No documento Fenomenologia, Educação e Psicanálise (páginas 102-107)

Nos tópicos anteriores, nos dedicamos a apresentar a coreografia Passarinhando com folha e a mostrar que a experiência observada no trabalho da professora Segatto e das alunas pode ser compreendida como um processo colaborativo (ARAÚJO, 2006). Processo em que a vivência primordial corporal (ou da chamada corporeidade) se entrecruzam ou mesmo são indistintos. Para os mesmos não há interesse num ator-linha- montagem, que submete seus trabalhos aos comandos de um diretor, sem apropriação ou questionamento. Esse repúdio conecta-se diretamente ao posicionamento de Merleau-Ponty (2006) que contraria o dualismo cartesiano e suas dicotomias. Não há superioridade do pensar sobre o corpo e o seu fazer tanto na perspectiva da corporeidadecomo no processo colaborativo. Da mesma forma, eliminar a divisão entre artistas-pensantes e artistas-fazedores é também um dos desejos do trabalho com o processo colaborativo. Considerar o sujeito na sua integralidade não significa não contrariá-lo em sua existência. O processo colaborativo ensina que, nos relacionamentos estabelecidos entre os artistas, deve haver espaço para o debate, porém é preciso ceder e gestar limites. O artista, consciente das suas potencialidades e das decisões tomadas no processo, reconhece que há limites na sua atuação, que podem ser determinados por uma divisão de funções definidas anteriormente e, até mesmo, pelos conhecimentos técnicos que ele possui em determinadas decisões.A corporeidade se dá no relacionamento do sujeito consigo mesmo e com o mundo, por isso há também instâncias de debate, desequílibrio e desencontro. É preciso cuidado para tratar das questões de criatividade e espontaneidade nessa discussão. A ideia de que um sujeito deve ser livre para se expressar não

pode se sobrepor ao conhecimento de áreas como antropologia, sociologia e psicologia, que nos dizem que nossas ações são também determinadas pelo contexto em que estamos. Ela exige que nos relacionemos com o mundo numa perspectiva de criação ou de composição artísitca. De fato, os estudos sobre o autoconhecimento encontram solo fértil nos estudos da corporeidade. O ser humano deve sempre ser visto como um ser no mundo com todas as implicações que essa condição traz.Processo colaborativo e corporeidade são, portanto, áreas afins que possuem concepções de ser humano que podem ser alinhadas. Um processo educativo que trabalhe nessa perspectiva, possivelmente, traz consigo alinhamentos que buscam as possibilidades expressivas e de autonomia do sujeito.

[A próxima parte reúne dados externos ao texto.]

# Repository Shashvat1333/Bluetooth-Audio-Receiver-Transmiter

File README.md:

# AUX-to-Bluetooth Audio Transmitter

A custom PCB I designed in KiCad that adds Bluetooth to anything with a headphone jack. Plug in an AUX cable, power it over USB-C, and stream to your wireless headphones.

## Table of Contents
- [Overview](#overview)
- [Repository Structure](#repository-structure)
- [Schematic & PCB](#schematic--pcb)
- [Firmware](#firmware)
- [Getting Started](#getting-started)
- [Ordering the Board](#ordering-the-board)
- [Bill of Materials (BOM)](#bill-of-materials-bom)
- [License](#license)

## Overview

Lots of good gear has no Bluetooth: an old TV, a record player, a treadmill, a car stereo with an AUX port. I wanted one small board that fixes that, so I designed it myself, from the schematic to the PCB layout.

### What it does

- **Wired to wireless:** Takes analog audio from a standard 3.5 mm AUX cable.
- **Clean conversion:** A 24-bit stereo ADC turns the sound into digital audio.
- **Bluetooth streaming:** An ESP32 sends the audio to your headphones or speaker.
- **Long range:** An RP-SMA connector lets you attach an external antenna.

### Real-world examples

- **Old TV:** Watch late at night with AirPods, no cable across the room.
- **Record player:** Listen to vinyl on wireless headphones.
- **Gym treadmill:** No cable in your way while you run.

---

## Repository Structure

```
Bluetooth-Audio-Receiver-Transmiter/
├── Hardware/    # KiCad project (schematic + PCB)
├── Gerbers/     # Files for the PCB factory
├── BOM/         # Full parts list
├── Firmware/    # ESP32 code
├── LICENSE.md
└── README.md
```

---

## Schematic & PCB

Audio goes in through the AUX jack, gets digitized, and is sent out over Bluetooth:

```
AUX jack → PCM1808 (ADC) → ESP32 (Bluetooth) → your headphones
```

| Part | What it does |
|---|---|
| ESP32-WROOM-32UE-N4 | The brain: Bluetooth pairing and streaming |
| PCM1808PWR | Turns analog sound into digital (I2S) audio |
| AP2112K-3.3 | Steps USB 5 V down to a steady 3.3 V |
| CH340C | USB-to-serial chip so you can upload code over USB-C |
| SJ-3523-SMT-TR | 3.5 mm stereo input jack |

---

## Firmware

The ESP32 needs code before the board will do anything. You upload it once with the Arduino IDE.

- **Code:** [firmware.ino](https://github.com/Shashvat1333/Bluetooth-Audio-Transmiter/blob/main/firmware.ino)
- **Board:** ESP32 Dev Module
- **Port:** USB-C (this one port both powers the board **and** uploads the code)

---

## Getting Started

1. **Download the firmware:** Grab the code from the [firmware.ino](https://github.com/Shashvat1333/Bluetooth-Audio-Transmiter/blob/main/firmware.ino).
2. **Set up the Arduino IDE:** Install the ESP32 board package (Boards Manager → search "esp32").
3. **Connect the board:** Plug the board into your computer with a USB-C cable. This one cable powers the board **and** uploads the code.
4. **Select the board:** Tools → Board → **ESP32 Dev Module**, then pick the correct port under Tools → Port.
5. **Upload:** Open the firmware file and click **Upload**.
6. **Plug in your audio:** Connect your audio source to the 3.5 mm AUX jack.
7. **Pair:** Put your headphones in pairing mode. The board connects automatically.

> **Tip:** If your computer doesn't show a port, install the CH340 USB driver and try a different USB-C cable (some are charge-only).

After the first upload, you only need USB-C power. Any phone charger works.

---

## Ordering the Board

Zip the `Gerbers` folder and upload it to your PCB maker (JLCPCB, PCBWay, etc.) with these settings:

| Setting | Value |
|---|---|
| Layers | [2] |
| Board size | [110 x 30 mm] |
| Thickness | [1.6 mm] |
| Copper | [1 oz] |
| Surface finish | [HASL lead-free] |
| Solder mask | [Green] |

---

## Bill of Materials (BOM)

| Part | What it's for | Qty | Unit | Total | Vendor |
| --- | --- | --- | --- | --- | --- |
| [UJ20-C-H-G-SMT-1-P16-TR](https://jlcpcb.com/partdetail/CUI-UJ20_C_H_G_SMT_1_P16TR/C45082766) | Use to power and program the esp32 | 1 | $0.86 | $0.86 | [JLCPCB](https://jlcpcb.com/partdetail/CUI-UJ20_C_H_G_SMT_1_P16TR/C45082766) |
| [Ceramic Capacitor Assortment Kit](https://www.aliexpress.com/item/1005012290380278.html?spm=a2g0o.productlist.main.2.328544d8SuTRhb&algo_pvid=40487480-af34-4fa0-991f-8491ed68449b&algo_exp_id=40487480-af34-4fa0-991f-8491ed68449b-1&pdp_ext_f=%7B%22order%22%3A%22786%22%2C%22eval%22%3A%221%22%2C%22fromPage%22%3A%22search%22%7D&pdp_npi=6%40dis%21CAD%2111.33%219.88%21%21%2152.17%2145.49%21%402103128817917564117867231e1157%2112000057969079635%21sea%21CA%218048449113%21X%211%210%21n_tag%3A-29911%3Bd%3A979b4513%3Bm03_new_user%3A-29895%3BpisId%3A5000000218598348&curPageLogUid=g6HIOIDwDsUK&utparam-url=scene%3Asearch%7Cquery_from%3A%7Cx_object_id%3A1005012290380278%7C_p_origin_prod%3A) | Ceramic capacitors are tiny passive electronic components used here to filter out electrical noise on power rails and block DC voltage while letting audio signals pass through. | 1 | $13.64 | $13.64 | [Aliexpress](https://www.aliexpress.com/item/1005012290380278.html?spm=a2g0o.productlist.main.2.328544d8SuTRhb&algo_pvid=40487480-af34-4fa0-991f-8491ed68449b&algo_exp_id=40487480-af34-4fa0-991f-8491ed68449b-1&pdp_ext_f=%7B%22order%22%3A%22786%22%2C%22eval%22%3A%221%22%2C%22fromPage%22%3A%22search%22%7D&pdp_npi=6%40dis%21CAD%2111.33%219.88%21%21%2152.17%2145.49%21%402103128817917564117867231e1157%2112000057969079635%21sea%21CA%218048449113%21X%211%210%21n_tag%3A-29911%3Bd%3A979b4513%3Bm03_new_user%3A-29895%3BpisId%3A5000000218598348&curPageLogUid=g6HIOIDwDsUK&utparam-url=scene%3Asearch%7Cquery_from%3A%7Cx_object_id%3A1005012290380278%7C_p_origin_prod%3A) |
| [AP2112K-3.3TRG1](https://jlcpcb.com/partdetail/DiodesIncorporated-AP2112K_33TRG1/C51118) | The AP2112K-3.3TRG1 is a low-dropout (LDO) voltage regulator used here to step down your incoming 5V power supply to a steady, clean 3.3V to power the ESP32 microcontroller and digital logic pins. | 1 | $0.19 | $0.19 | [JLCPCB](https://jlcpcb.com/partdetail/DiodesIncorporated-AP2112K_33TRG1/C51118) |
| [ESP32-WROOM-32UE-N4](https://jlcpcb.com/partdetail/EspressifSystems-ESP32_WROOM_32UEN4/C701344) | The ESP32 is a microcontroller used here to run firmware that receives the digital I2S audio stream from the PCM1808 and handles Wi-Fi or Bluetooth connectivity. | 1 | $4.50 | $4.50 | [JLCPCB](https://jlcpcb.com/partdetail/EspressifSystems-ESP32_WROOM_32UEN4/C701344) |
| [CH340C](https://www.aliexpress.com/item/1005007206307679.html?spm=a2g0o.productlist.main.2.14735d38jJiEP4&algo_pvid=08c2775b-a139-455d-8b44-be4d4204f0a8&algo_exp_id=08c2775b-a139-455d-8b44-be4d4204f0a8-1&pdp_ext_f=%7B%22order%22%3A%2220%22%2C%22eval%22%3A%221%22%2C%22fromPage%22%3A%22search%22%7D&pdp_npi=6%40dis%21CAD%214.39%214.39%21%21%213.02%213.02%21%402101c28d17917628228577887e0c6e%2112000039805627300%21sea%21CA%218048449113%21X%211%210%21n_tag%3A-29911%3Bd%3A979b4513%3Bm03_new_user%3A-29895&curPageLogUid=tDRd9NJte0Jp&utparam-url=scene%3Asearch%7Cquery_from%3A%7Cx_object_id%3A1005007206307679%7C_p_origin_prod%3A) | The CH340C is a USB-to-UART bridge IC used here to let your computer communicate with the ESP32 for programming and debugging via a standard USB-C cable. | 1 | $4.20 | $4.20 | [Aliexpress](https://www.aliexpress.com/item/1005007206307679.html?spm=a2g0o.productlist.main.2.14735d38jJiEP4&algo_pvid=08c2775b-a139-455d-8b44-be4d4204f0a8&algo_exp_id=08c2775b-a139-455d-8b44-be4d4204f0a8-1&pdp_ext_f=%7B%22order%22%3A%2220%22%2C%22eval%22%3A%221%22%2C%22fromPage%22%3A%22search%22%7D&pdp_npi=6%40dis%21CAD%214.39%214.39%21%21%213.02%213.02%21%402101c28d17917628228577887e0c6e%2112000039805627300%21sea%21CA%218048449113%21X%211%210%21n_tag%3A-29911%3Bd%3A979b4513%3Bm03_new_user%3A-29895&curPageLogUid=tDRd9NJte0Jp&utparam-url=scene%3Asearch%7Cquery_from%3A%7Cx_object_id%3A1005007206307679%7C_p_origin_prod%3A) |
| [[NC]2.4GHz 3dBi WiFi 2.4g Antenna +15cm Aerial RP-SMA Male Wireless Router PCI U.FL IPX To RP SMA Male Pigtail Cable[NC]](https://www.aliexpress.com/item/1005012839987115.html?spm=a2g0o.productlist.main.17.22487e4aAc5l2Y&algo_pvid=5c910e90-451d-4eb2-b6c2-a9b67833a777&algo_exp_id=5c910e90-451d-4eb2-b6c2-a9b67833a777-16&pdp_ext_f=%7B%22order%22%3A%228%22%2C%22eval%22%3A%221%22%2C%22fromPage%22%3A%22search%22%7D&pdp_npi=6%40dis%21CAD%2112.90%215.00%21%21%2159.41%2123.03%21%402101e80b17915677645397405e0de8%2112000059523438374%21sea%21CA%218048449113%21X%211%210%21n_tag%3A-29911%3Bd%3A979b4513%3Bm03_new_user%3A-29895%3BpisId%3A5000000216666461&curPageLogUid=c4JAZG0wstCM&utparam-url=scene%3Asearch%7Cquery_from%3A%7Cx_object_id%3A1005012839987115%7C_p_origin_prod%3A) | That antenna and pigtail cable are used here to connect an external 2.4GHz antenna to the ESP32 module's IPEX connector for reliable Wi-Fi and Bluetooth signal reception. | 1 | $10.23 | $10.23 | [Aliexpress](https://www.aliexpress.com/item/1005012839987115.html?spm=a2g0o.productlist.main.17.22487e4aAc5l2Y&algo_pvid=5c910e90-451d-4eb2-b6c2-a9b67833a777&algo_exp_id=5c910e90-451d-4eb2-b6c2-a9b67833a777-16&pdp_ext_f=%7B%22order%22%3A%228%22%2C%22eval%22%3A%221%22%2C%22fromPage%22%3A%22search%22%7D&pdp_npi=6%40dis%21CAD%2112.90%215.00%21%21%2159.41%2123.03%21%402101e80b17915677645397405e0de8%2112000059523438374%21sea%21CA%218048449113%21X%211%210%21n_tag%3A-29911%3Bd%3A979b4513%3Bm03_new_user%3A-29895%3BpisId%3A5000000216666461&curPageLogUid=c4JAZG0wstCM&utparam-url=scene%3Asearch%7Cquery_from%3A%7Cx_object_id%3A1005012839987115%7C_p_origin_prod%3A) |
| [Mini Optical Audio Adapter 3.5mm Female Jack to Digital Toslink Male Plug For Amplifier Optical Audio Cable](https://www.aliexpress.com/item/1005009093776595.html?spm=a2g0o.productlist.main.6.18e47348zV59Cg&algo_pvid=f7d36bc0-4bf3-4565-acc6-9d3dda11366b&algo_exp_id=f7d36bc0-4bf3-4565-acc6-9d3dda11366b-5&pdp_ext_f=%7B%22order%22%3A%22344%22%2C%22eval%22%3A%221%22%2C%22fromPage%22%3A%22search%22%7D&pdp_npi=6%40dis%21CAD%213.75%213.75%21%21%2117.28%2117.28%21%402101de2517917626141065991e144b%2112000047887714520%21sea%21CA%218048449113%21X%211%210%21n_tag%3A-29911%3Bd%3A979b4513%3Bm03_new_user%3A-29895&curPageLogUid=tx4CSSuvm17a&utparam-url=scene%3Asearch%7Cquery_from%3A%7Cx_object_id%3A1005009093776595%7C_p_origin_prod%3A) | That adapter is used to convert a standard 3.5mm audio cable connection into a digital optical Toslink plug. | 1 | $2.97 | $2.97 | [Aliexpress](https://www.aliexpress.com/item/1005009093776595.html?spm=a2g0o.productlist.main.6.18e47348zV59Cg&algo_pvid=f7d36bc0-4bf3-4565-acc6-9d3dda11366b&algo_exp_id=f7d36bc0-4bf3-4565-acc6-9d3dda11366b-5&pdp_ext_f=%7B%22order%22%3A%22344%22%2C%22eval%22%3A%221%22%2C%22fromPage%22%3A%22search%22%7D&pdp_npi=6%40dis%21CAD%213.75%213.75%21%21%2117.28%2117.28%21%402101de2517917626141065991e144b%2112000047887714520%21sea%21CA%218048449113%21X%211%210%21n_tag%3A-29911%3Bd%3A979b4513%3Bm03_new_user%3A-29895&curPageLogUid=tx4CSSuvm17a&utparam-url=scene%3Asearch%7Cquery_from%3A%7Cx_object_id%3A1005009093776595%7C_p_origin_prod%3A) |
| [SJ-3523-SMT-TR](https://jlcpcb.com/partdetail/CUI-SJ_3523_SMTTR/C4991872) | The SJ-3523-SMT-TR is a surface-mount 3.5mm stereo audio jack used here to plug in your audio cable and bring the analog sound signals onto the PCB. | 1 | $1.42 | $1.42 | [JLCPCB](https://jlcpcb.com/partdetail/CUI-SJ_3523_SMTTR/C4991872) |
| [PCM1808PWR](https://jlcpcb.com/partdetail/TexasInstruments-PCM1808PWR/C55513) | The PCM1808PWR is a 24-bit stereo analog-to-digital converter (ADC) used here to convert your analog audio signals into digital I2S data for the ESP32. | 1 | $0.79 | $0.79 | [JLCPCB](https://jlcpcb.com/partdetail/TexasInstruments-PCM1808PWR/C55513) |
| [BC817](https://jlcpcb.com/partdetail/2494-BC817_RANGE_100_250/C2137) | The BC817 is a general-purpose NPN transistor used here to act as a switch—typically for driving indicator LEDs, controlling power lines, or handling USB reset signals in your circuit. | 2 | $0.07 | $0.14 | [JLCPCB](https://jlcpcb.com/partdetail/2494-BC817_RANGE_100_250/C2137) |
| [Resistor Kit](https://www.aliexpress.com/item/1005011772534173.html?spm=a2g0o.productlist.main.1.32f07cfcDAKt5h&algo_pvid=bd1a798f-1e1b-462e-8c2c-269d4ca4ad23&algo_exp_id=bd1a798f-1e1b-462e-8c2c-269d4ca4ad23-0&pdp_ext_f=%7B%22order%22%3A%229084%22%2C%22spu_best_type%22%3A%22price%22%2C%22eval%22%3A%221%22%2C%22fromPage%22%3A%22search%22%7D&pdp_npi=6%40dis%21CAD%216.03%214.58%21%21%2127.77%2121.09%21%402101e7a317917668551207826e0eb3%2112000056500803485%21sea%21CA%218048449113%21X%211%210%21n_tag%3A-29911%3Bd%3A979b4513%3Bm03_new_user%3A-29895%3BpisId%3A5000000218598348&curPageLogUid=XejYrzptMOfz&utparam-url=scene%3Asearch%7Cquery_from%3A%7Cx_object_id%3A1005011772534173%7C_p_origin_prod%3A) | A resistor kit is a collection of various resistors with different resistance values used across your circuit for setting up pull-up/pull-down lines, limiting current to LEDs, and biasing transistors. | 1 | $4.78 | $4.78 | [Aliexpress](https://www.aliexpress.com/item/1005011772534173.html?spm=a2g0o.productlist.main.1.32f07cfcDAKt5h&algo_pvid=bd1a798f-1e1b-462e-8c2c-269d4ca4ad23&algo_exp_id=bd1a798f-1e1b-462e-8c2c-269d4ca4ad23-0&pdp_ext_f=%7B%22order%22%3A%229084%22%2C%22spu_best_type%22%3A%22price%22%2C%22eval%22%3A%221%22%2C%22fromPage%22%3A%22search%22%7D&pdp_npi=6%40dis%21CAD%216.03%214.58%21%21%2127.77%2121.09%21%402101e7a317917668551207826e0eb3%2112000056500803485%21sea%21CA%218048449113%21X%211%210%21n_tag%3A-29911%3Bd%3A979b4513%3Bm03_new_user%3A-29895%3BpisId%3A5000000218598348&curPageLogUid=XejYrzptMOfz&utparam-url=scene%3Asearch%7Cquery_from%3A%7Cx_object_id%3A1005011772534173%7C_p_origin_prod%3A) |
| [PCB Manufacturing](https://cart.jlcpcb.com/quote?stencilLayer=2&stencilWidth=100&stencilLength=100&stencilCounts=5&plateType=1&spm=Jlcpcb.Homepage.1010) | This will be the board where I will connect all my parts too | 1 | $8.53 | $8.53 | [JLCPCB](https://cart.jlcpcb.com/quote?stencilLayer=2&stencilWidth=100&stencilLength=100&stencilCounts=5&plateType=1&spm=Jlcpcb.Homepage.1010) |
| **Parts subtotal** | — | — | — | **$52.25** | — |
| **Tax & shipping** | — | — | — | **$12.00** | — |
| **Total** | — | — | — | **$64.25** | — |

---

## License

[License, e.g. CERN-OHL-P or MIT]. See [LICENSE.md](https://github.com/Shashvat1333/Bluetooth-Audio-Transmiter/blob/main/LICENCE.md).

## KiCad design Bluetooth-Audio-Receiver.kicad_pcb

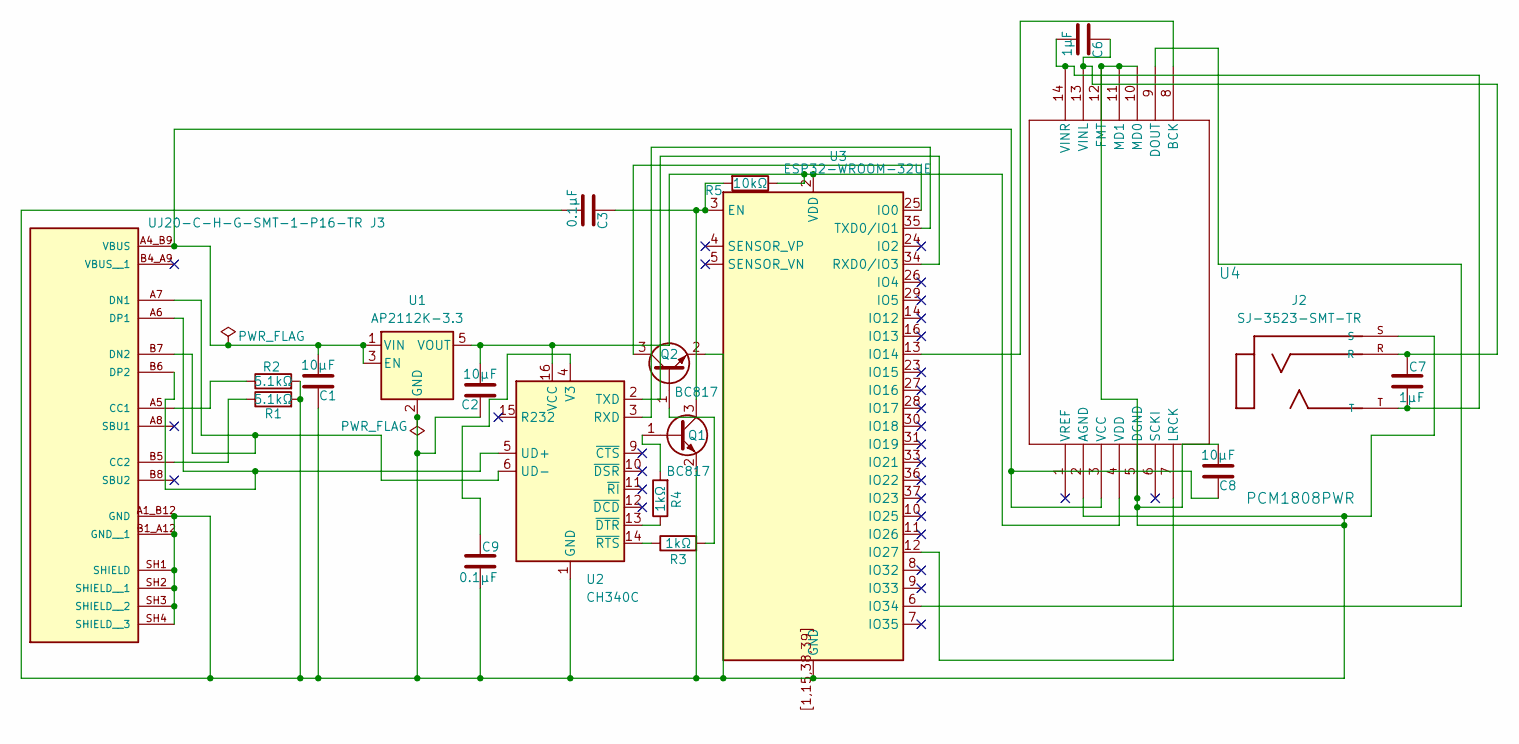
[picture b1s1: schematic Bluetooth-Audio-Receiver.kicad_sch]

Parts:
C1, C2, C8: 10μF; C_Disc_D5.0mm_W2.5mm_P5.00mm
C3, C9: 0.1μF; C_Disc_D5.0mm_W2.5mm_P5.00mm
C6, C7: 1μF; C_Disc_D5.0mm_W2.5mm_P5.00mm
J2: SJ-3523-SMT-TR; Jack_3.5mm_CUI_SJ-3523-SMT_Horizontal
J3: UJ20-C-H-G-SMT-1-P16-TR; SAMESKY_UJ20-C-H-G-SMT-1-P16-TR; PARTREV 1.0
Q1, Q2: BC817; SOT-23
R1, R2: 5.1kΩ; R_Axial_DIN0207_L6.3mm_D2.5mm_P10.16mm_Horizontal
R3, R4: 1kΩ; R_Axial_DIN0207_L6.3mm_D2.5mm_P10.16mm_Horizontal
R5: 10kΩ; R_Axial_DIN0207_L6.3mm_D2.5mm_P10.16mm_Horizontal
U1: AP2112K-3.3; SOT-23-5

A partir do processo criativo e educativo observado, é possível afirmar que as práticas propostas trabalham com uma perspectiva de corpo muito próxima àquela proposta por Merleau-Ponty (2006). As alunas foram consideradas na sua integridade durante a criação, tendo espaço para se manifestar, para arriscar e para errar. Entretanto, a conduta da professora não foi de laissez-faire, prática difundida a partir dos anos 1970 no ensino de Arte que tanto contribuiu para o esvaziamento da área em âmbito escolar. Ao contrário, após permitir a criação e a improvisação, as alunas eram chamadas para dar forma a algo. Lembramos aqui de Ostrower (2012) em que criar é dar forma a algo novo. Na condução do trabalho, houve equilíbrio entre as possibilidades de criação e de definição de elementos coreográficos mais estabelecidos para coreografia. Dizemos mais estabelecidos, e não fixos, porque até o final do processo havia mudança nos elementos coreográficos que compunham a coreografia, evidenciando que o trabalho ia se reconstruindo e se modificando de acordo com o tempo e com as novas e velhas influências que sofriam. As características da turma possibilitaram que o processo fosse tão rico e denso. A afinidade pessoal entre professoras e alunas era evidente, o que também contribuiu para o desenrolar do trabalho.A experiência artística

foi uma importante forma de vivenciar a corporeidade e o exercício da interdisciplinaridade tornou a experiência criadora ainda mais propícia para uma vivência integralizadora do corpo.

A experiência vivida na turma não pretende tornar a dança mais relevante do que as demais linguagens. Mesmo que a dança seja a primeira escolha de expressão artística, as linguagens que se juntaram a ela no processo vieram para proporcionar uma experiência mais potencializadora da experimentação do corpo e das suas possibilidades criativas. Por isso, ressaltamos a importância da interdisciplinaridade, especialmente por perceber que ela surgiu como uma demanda do próprio processo criativo, e não como uma imposição. Merleau-Ponty (2006) afirma que “[...] estamos atados ao nosso corpo” e que “somos seres no mundo”. Diante dessas duas afirmações, é possível dizer que a interdisciplinaridade aconteceu de acordo com as possibilidades de experimentação dos sujeitos participantes, que são determinadas e possibilitadas pelo corpo de cada um, no contexto de criação instalado naquela turma, no universo do Quik Cidadania.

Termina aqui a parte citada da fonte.